Logistical issues around moving product can affect distributors in many ways, including higher costs throughout the process.
“You’ll have high labor costs, just having to manage the process of trying to find the right carrier,” says Steve Norall, vice president of new business development at Cerasis. “High distribution costs, high management costs, lack of customer satisfaction tools.”
Adopting tools to increase shipping efficiency can lower your cost–to-serve and have ripple effects into other areas, including helping your company differentiate.
Dirk Beveridge, author of INNOVATE!, says he believes that quality employees from the millennial generation will be more likely to want to work for companies that offer them tools to make an impact in their jobs. And many companies are creating sustainability goals to reduce their carbon footprints, according to Jason Mathers, senior manager at the Environmental Defense Fund and author of multiple reports on innovating freight transportation models. Mathers says this business strategy is gaining popularity as demand for environmentally-friendly products and services increases.

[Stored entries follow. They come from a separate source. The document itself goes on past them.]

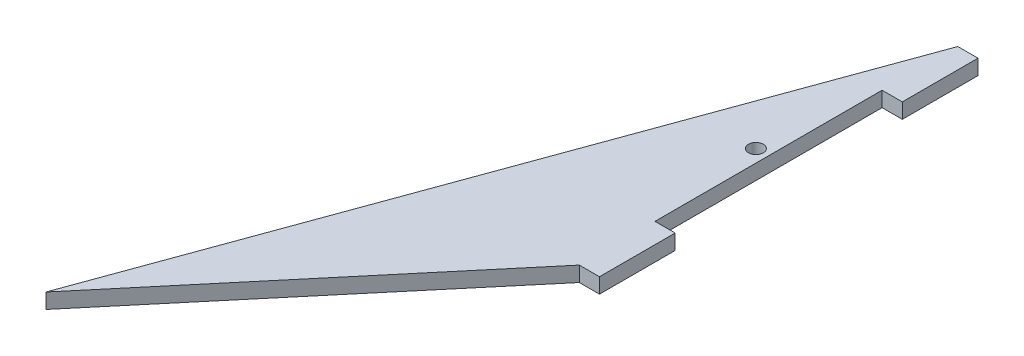
ISO-10303-21;
HEADER;
FILE_DESCRIPTION(('STEP AP214'),'2;1');
FILE_NAME('part.step','',(''),(''),'','','');
FILE_SCHEMA(('AUTOMOTIVE_DESIGN { 1 0 10303 214 1 1 1 1 }'));
ENDSEC;
DATA;
#1=APPLICATION_CONTEXT('core data for automotive mechanical design processes');
#2=APPLICATION_PROTOCOL_DEFINITION('international standard','automotive_design',2000,#1);
#3=PRODUCT_CONTEXT('',#1,'mechanical');
#4=PRODUCT('Part','Part','',(#3));
#5=PRODUCT_RELATED_PRODUCT_CATEGORY('part','',(#4));
#6=PRODUCT_DEFINITION_FORMATION('','',#4);
#7=PRODUCT_DEFINITION_CONTEXT('part definition',#1,'design');
#8=PRODUCT_DEFINITION('design','',#6,#7);
#9=PRODUCT_DEFINITION_SHAPE('','',#8);
#10=(LENGTH_UNIT() NAMED_UNIT(*) SI_UNIT(.MILLI.,.METRE.));
#11=(NAMED_UNIT(*) PLANE_ANGLE_UNIT() SI_UNIT($,.RADIAN.));
#12=(NAMED_UNIT(*) SI_UNIT($,.STERADIAN.) SOLID_ANGLE_UNIT());
#13=UNCERTAINTY_MEASURE_WITH_UNIT(LENGTH_MEASURE(1.E-05),#10,'distance_accuracy_value','');
#14=(GEOMETRIC_REPRESENTATION_CONTEXT(3) GLOBAL_UNCERTAINTY_ASSIGNED_CONTEXT((#13)) GLOBAL_UNIT_ASSIGNED_CONTEXT((#10,
#11,#12)) REPRESENTATION_CONTEXT('',''));
#15=CARTESIAN_POINT('',(0.,0.,0.));
#16=DIRECTION('',(0.,0.,1.));
#17=DIRECTION('',(1.,0.,0.));
#18=AXIS2_PLACEMENT_3D('',#15,#16,#17);
#19=CARTESIAN_POINT('',(0.,3.,-75.));
#20=DIRECTION('',(-1.,0.,0.));
#21=DIRECTION('',(0.,0.,1.));
#22=AXIS2_PLACEMENT_3D('',#19,#20,#21);
#23=PLANE('',#22);
#24=DIRECTION('',(0.,-1.,0.));
#25=VECTOR('',#24,1.);
#26=CARTESIAN_POINT('',(0.,0.,-60.));
#27=LINE('',#26,#25);
#28=CARTESIAN_POINT('',(0.,3.,-60.));
#29=VERTEX_POINT('',#28);
#30=CARTESIAN_POINT('',(0.,0.,-60.));
#31=VERTEX_POINT('',#30);
#32=EDGE_CURVE('E49',#29,#31,#27,.T.);
#33=ORIENTED_EDGE('',*,*,#32,.F.);
#34=DIRECTION('',(0.,0.,-1.));
#35=VECTOR('',#34,1.);
#36=CARTESIAN_POINT('',(0.,3.,-75.));
#37=LINE('',#36,#35);
#38=CARTESIAN_POINT('',(0.,3.,-15.));
#39=VERTEX_POINT('',#38);
#40=EDGE_CURVE('E158',#39,#29,#37,.T.);
#41=ORIENTED_EDGE('',*,*,#40,.F.);
#42=DIRECTION('',(0.,1.,0.));
#43=VECTOR('',#42,1.);
#44=CARTESIAN_POINT('',(0.,0.,-15.));
#45=LINE('',#44,#43);
#46=CARTESIAN_POINT('',(0.,0.,-15.));
#47=VERTEX_POINT('',#46);
#48=EDGE_CURVE('E126',#47,#39,#45,.T.);
#49=ORIENTED_EDGE('',*,*,#48,.F.);
#50=DIRECTION('',(0.,0.,-1.));
#51=VECTOR('',#50,1.);
#52=CARTESIAN_POINT('',(0.,0.,-75.));
#53=LINE('',#52,#51);
#54=EDGE_CURVE('E54',#47,#31,#53,.T.);
#55=ORIENTED_EDGE('',*,*,#54,.T.);
#56=EDGE_LOOP('',(#33,#41,#49,#55));
#57=FACE_BOUND('',#56,.T.);
#58=ADVANCED_FACE('F34',(#57),#23,.F.);
#59=CARTESIAN_POINT('',(0.,3.,0.));
#60=DIRECTION('',(-0.766044443118977,0.,-0.64278760968654));
#61=DIRECTION('',(-0.64278760968654,0.,0.766044443118977));
#62=AXIS2_PLACEMENT_3D('',#59,#60,#61);
#63=PLANE('',#62);
#64=DIRECTION('',(0.64278760968654,0.,-0.766044443118977));
#65=VECTOR('',#64,1.);
#66=CARTESIAN_POINT('',(0.,0.,0.));
#67=LINE('',#66,#65);
#68=CARTESIAN_POINT('',(-48.2090707264923,0.,57.4533332339254));
#69=VERTEX_POINT('',#68);
#70=CARTESIAN_POINT('',(0.,0.,0.));
#71=VERTEX_POINT('',#70);
#72=EDGE_CURVE('E155',#69,#71,#67,.T.);
#73=ORIENTED_EDGE('',*,*,#72,.T.);
#74=DIRECTION('',(0.,-1.,0.));
#75=VECTOR('',#74,1.);
#76=CARTESIAN_POINT('',(0.,3.,0.));
#77=LINE('',#76,#75);
#78=CARTESIAN_POINT('',(0.,3.,0.));
#79=VERTEX_POINT('',#78);
#80=EDGE_CURVE('E11',#79,#71,#77,.T.);
#81=ORIENTED_EDGE('',*,*,#80,.F.);
#82=DIRECTION('',(0.64278760968654,0.,-0.766044443118977));
#83=VECTOR('',#82,1.);
#84=CARTESIAN_POINT('',(0.,3.,0.));
#85=LINE('',#84,#83);
#86=CARTESIAN_POINT('',(-48.2090707264923,3.,57.4533332339254));
#87=VERTEX_POINT('',#86);
#88=EDGE_CURVE('E156',#87,#79,#85,.T.);
#89=ORIENTED_EDGE('',*,*,#88,.F.);
#90=DIRECTION('',(0.,-1.,0.));
#91=VECTOR('',#90,1.);
#92=CARTESIAN_POINT('',(-48.2090707264923,3.,57.4533332339254));
#93=LINE('',#92,#91);
#94=EDGE_CURVE('E163',#87,#69,#93,.T.);
#95=ORIENTED_EDGE('',*,*,#94,.T.);
#96=EDGE_LOOP('',(#73,#81,#89,#95));
#97=FACE_BOUND('',#96,.T.);
#98=ADVANCED_FACE('F36',(#97),#63,.F.);
#99=CARTESIAN_POINT('',(-48.2090707264923,3.,57.4533332339254));
#100=DIRECTION('',(0.939692620785906,0.,0.342020143325676));
#101=DIRECTION('',(0.342020143325676,0.,-0.939692620785906));
#102=AXIS2_PLACEMENT_3D('',#99,#100,#101);
#103=PLANE('',#102);
#104=DIRECTION('',(-0.342020143325676,0.,0.939692620785906));
#105=VECTOR('',#104,1.);
#106=CARTESIAN_POINT('',(-48.2090707264923,0.,57.4533332339254));
#107=LINE('',#106,#105);
#108=CARTESIAN_POINT('',(0.,0.,-75.));
#109=VERTEX_POINT('',#108);
#110=EDGE_CURVE('E159',#109,#69,#107,.T.);
#111=ORIENTED_EDGE('',*,*,#110,.T.);
#112=ORIENTED_EDGE('',*,*,#94,.F.);
#113=DIRECTION('',(-0.342020143325676,0.,0.939692620785906));
#114=VECTOR('',#113,1.);
#115=CARTESIAN_POINT('',(-48.2090707264923,3.,57.4533332339254));
#116=LINE('',#115,#114);
#117=CARTESIAN_POINT('',(0.,3.,-75.));
#118=VERTEX_POINT('',#117);
#119=EDGE_CURVE('E161',#118,#87,#116,.T.);
#120=ORIENTED_EDGE('',*,*,#119,.F.);
#121=DIRECTION('',(0.,-1.,0.));
#122=VECTOR('',#121,1.);
#123=CARTESIAN_POINT('',(0.,3.,-75.));
#124=LINE('',#123,#122);
#125=EDGE_CURVE('E42',#118,#109,#124,.T.);
#126=ORIENTED_EDGE('',*,*,#125,.T.);
#127=EDGE_LOOP('',(#111,#112,#120,#126));
#128=FACE_BOUND('',#127,.T.);
#129=ADVANCED_FACE('F169',(#128),#103,.F.);
#130=CARTESIAN_POINT('',(0.,3.,0.));
#131=DIRECTION('',(0.,1.,0.));
#132=DIRECTION('',(0.,0.,1.));
#133=AXIS2_PLACEMENT_3D('',#130,#131,#132);
#134=PLANE('',#133);
#135=CARTESIAN_POINT('',(-2.5,3.,-37.5));
#136=DIRECTION('',(0.,1.,0.));
#137=DIRECTION('',(0.,0.,1.));
#138=AXIS2_PLACEMENT_3D('',#135,#136,#137);
#139=CIRCLE('',#138,1.4732);
#140=CARTESIAN_POINT('',(-2.5,3.,-36.0268));
#141=VERTEX_POINT('',#140);
#142=EDGE_CURVE('E180',#141,#141,#139,.T.);
#143=ORIENTED_EDGE('',*,*,#142,.F.);
#144=EDGE_LOOP('',(#143));
#145=FACE_BOUND('',#144,.T.);
#146=ORIENTED_EDGE('',*,*,#88,.T.);
#147=DIRECTION('',(-1.,0.,0.));
#148=VECTOR('',#147,1.);
#149=CARTESIAN_POINT('',(4.,3.,0.));
#150=LINE('',#149,#148);
#151=CARTESIAN_POINT('',(4.,3.,0.));
#152=VERTEX_POINT('',#151);
#153=EDGE_CURVE('E142',#152,#79,#150,.T.);
#154=ORIENTED_EDGE('',*,*,#153,.F.);
#155=DIRECTION('',(0.,0.,1.));
#156=VECTOR('',#155,1.);
#157=CARTESIAN_POINT('',(4.,3.,0.));
#158=LINE('',#157,#156);
#159=CARTESIAN_POINT('',(4.,3.,-15.));
#160=VERTEX_POINT('',#159);
#161=EDGE_CURVE('E141',#160,#152,#158,.T.);
#162=ORIENTED_EDGE('',*,*,#161,.F.);
#163=DIRECTION('',(-1.,0.,0.));
#164=VECTOR('',#163,1.);
#165=CARTESIAN_POINT('',(4.,3.,-15.));
#166=LINE('',#165,#164);
#167=EDGE_CURVE('E146',#160,#39,#166,.T.);
#168=ORIENTED_EDGE('',*,*,#167,.T.);
#169=ORIENTED_EDGE('',*,*,#40,.T.);
#170=DIRECTION('',(-1.,0.,0.));
#171=VECTOR('',#170,1.);
#172=CARTESIAN_POINT('',(4.,3.,-60.));
#173=LINE('',#172,#171);
#174=CARTESIAN_POINT('',(4.,3.,-60.));
#175=VERTEX_POINT('',#174);
#176=EDGE_CURVE('E110',#175,#29,#173,.T.);
#177=ORIENTED_EDGE('',*,*,#176,.F.);
#178=DIRECTION('',(0.,0.,1.));
#179=VECTOR('',#178,1.);
#180=CARTESIAN_POINT('',(4.,3.,-75.));
#181=LINE('',#180,#179);
#182=CARTESIAN_POINT('',(4.,3.,-75.));
#183=VERTEX_POINT('',#182);
#184=EDGE_CURVE('E103',#183,#175,#181,.T.);
#185=ORIENTED_EDGE('',*,*,#184,.F.);
#186=DIRECTION('',(-1.,0.,0.));
#187=VECTOR('',#186,1.);
#188=CARTESIAN_POINT('',(4.,3.,-75.));
#189=LINE('',#188,#187);
#190=EDGE_CURVE('E107',#183,#118,#189,.T.);
#191=ORIENTED_EDGE('',*,*,#190,.T.);
#192=ORIENTED_EDGE('',*,*,#119,.T.);
#193=EDGE_LOOP('',(#146,#154,#162,#168,#169,#177,#185,#191,#192));
#194=FACE_BOUND('',#193,.T.);
#195=ADVANCED_FACE('F105',(#145,#194),#134,.T.);
#196=CARTESIAN_POINT('',(0.,0.,0.));
#197=DIRECTION('',(0.,1.,0.));
#198=DIRECTION('',(0.,0.,1.));
#199=AXIS2_PLACEMENT_3D('',#196,#197,#198);
#200=PLANE('',#199);
#201=CARTESIAN_POINT('',(-2.5,0.,-37.5));
#202=DIRECTION('',(0.,1.,0.));
#203=DIRECTION('',(0.,0.,1.));
#204=AXIS2_PLACEMENT_3D('',#201,#202,#203);
#205=CIRCLE('',#204,1.4732);
#206=CARTESIAN_POINT('',(-2.5,0.,-36.0268));
#207=VERTEX_POINT('',#206);
#208=EDGE_CURVE('E177',#207,#207,#205,.T.);
#209=ORIENTED_EDGE('',*,*,#208,.T.);
#210=EDGE_LOOP('',(#209));
#211=FACE_BOUND('',#210,.T.);
#212=ORIENTED_EDGE('',*,*,#72,.F.);
#213=ORIENTED_EDGE('',*,*,#110,.F.);
#214=DIRECTION('',(-1.,0.,0.));
#215=VECTOR('',#214,1.);
#216=CARTESIAN_POINT('',(4.,0.,-75.));
#217=LINE('',#216,#215);
#218=CARTESIAN_POINT('',(4.,0.,-75.));
#219=VERTEX_POINT('',#218);
#220=EDGE_CURVE('E171',#219,#109,#217,.T.);
#221=ORIENTED_EDGE('',*,*,#220,.F.);
#222=DIRECTION('',(0.,0.,-1.));
#223=VECTOR('',#222,1.);
#224=CARTESIAN_POINT('',(4.,0.,-75.));
#225=LINE('',#224,#223);
#226=CARTESIAN_POINT('',(4.,0.,-60.));
#227=VERTEX_POINT('',#226);
#228=EDGE_CURVE('E119',#227,#219,#225,.T.);
#229=ORIENTED_EDGE('',*,*,#228,.F.);
#230=DIRECTION('',(-1.,0.,0.));
#231=VECTOR('',#230,1.);
#232=CARTESIAN_POINT('',(4.,0.,-60.));
#233=LINE('',#232,#231);
#234=EDGE_CURVE('E131',#227,#31,#233,.T.);
#235=ORIENTED_EDGE('',*,*,#234,.T.);
#236=ORIENTED_EDGE('',*,*,#54,.F.);
#237=DIRECTION('',(-1.,0.,0.));
#238=VECTOR('',#237,1.);
#239=CARTESIAN_POINT('',(4.,0.,-15.));
#240=LINE('',#239,#238);
#241=CARTESIAN_POINT('',(4.,0.,-15.));
#242=VERTEX_POINT('',#241);
#243=EDGE_CURVE('E149',#242,#47,#240,.T.);
#244=ORIENTED_EDGE('',*,*,#243,.F.);
#245=DIRECTION('',(0.,0.,-1.));
#246=VECTOR('',#245,1.);
#247=CARTESIAN_POINT('',(4.,0.,0.));
#248=LINE('',#247,#246);
#249=CARTESIAN_POINT('',(4.,0.,0.));
#250=VERTEX_POINT('',#249);
#251=EDGE_CURVE('E137',#250,#242,#248,.T.);
#252=ORIENTED_EDGE('',*,*,#251,.F.);
#253=DIRECTION('',(-1.,0.,0.));
#254=VECTOR('',#253,1.);
#255=CARTESIAN_POINT('',(4.,0.,0.));
#256=LINE('',#255,#254);
#257=EDGE_CURVE('E152',#250,#71,#256,.T.);
#258=ORIENTED_EDGE('',*,*,#257,.T.);
#259=EDGE_LOOP('',(#212,#213,#221,#229,#235,#236,#244,#252,#258));
#260=FACE_BOUND('',#259,.T.);
#261=ADVANCED_FACE('F186',(#211,#260),#200,.F.);
#262=CARTESIAN_POINT('',(4.,0.,0.));
#263=DIRECTION('',(0.,0.,-1.));
#264=DIRECTION('',(-1.,0.,0.));
#265=AXIS2_PLACEMENT_3D('',#262,#263,#264);
#266=PLANE('',#265);
#267=ORIENTED_EDGE('',*,*,#80,.T.);
#268=ORIENTED_EDGE('',*,*,#257,.F.);
#269=DIRECTION('',(0.,-1.,0.));
#270=VECTOR('',#269,1.);
#271=CARTESIAN_POINT('',(4.,0.,0.));
#272=LINE('',#271,#270);
#273=EDGE_CURVE('E129',#152,#250,#272,.T.);
#274=ORIENTED_EDGE('',*,*,#273,.F.);
#275=ORIENTED_EDGE('',*,*,#153,.T.);
#276=EDGE_LOOP('',(#267,#268,#274,#275));
#277=FACE_BOUND('',#276,.T.);
#278=ADVANCED_FACE('F200',(#277),#266,.F.);
#279=CARTESIAN_POINT('',(4.,0.,-15.));
#280=DIRECTION('',(0.,0.,1.));
#281=DIRECTION('',(1.,0.,0.));
#282=AXIS2_PLACEMENT_3D('',#279,#280,#281);
#283=PLANE('',#282);
#284=ORIENTED_EDGE('',*,*,#48,.T.);
#285=ORIENTED_EDGE('',*,*,#167,.F.);
#286=DIRECTION('',(0.,1.,0.));
#287=VECTOR('',#286,1.);
#288=CARTESIAN_POINT('',(4.,0.,-15.));
#289=LINE('',#288,#287);
#290=EDGE_CURVE('E139',#242,#160,#289,.T.);
#291=ORIENTED_EDGE('',*,*,#290,.F.);
#292=ORIENTED_EDGE('',*,*,#243,.T.);
#293=EDGE_LOOP('',(#284,#285,#291,#292));
#294=FACE_BOUND('',#293,.T.);
#295=ADVANCED_FACE('F225',(#294),#283,.F.);
#296=CARTESIAN_POINT('',(4.,0.,0.));
#297=DIRECTION('',(-1.,0.,0.));
#298=DIRECTION('',(0.,0.,1.));
#299=AXIS2_PLACEMENT_3D('',#296,#297,#298);
#300=PLANE('',#299);
#301=ORIENTED_EDGE('',*,*,#273,.T.);
#302=ORIENTED_EDGE('',*,*,#251,.T.);
#303=ORIENTED_EDGE('',*,*,#290,.T.);
#304=ORIENTED_EDGE('',*,*,#161,.T.);
#305=EDGE_LOOP('',(#301,#302,#303,#304));
#306=FACE_BOUND('',#305,.T.);
#307=ADVANCED_FACE('F222',(#306),#300,.F.);
#308=CARTESIAN_POINT('',(4.,0.,-75.));
#309=DIRECTION('',(0.,0.,1.));
#310=DIRECTION('',(1.,0.,0.));
#311=AXIS2_PLACEMENT_3D('',#308,#309,#310);
#312=PLANE('',#311);
#313=ORIENTED_EDGE('',*,*,#125,.F.);
#314=ORIENTED_EDGE('',*,*,#190,.F.);
#315=DIRECTION('',(0.,1.,0.));
#316=VECTOR('',#315,1.);
#317=CARTESIAN_POINT('',(4.,0.,-75.));
#318=LINE('',#317,#316);
#319=EDGE_CURVE('E114',#219,#183,#318,.T.);
#320=ORIENTED_EDGE('',*,*,#319,.F.);
#321=ORIENTED_EDGE('',*,*,#220,.T.);
#322=EDGE_LOOP('',(#313,#314,#320,#321));
#323=FACE_BOUND('',#322,.T.);
#324=ADVANCED_FACE('F124',(#323),#312,.F.);
#325=CARTESIAN_POINT('',(4.,0.,-60.));
#326=DIRECTION('',(0.,0.,-1.));
#327=DIRECTION('',(-1.,0.,0.));
#328=AXIS2_PLACEMENT_3D('',#325,#326,#327);
#329=PLANE('',#328);
#330=ORIENTED_EDGE('',*,*,#32,.T.);
#331=ORIENTED_EDGE('',*,*,#234,.F.);
#332=DIRECTION('',(0.,-1.,0.));
#333=VECTOR('',#332,1.);
#334=CARTESIAN_POINT('',(4.,0.,-60.));
#335=LINE('',#334,#333);
#336=EDGE_CURVE('E113',#175,#227,#335,.T.);
#337=ORIENTED_EDGE('',*,*,#336,.F.);
#338=ORIENTED_EDGE('',*,*,#176,.T.);
#339=EDGE_LOOP('',(#330,#331,#337,#338));
#340=FACE_BOUND('',#339,.T.);
#341=ADVANCED_FACE('F228',(#340),#329,.F.);
#342=CARTESIAN_POINT('',(4.,0.,0.));
#343=DIRECTION('',(1.,0.,0.));
#344=DIRECTION('',(0.,0.,-1.));
#345=AXIS2_PLACEMENT_3D('',#342,#343,#344);
#346=PLANE('',#345);
#347=ORIENTED_EDGE('',*,*,#319,.T.);
#348=ORIENTED_EDGE('',*,*,#184,.T.);
#349=ORIENTED_EDGE('',*,*,#336,.T.);
#350=ORIENTED_EDGE('',*,*,#228,.T.);
#351=EDGE_LOOP('',(#347,#348,#349,#350));
#352=FACE_BOUND('',#351,.T.);
#353=ADVANCED_FACE('F117',(#352),#346,.T.);
#354=CARTESIAN_POINT('',(-2.5,0.,-37.5));
#355=DIRECTION('',(0.,1.,0.));
#356=DIRECTION('',(0.,0.,1.));
#357=AXIS2_PLACEMENT_3D('',#354,#355,#356);
#358=CYLINDRICAL_SURFACE('',#357,1.4732);
#359=ORIENTED_EDGE('',*,*,#208,.F.);
#360=EDGE_LOOP('',(#359));
#361=FACE_BOUND('',#360,.T.);
#362=ORIENTED_EDGE('',*,*,#142,.T.);
#363=EDGE_LOOP('',(#362));
#364=FACE_BOUND('',#363,.T.);
#365=ADVANCED_FACE('F188',(#361,#364),#358,.F.);
#366=CLOSED_SHELL('',(#58,#98,#129,#195,#261,#278,#295,#307,#324,#341,#353,#365));
#367=MANIFOLD_SOLID_BREP('B2',#366);
#368=ADVANCED_BREP_SHAPE_REPRESENTATION('',(#18,#367),#14);
#369=SHAPE_DEFINITION_REPRESENTATION(#9,#368);
ENDSEC;
END-ISO-10303-21;

Many technology tools exist to help distributors identify the ideal pathways for product to take. Norall says that software platforms will optimize freight options and place shipments in lanes that carriers prefer. Without that capability, some distributors are choosing to ship by rail to fill the gaps.
“The line haul is where they’re having issues getting the capacity to move that freight,” Norall says. “So what’s happening is they’re throwing it on the rail, but then when you throw it on the rail, you get service issues and you get service delays.”
Less-than-truckload (LTL) shipping is one solution, but manually identifying and matching multiple trucks with similar destinations and delivery windows can be time-consuming. This opportunity is another one that is optimized by software capabilities.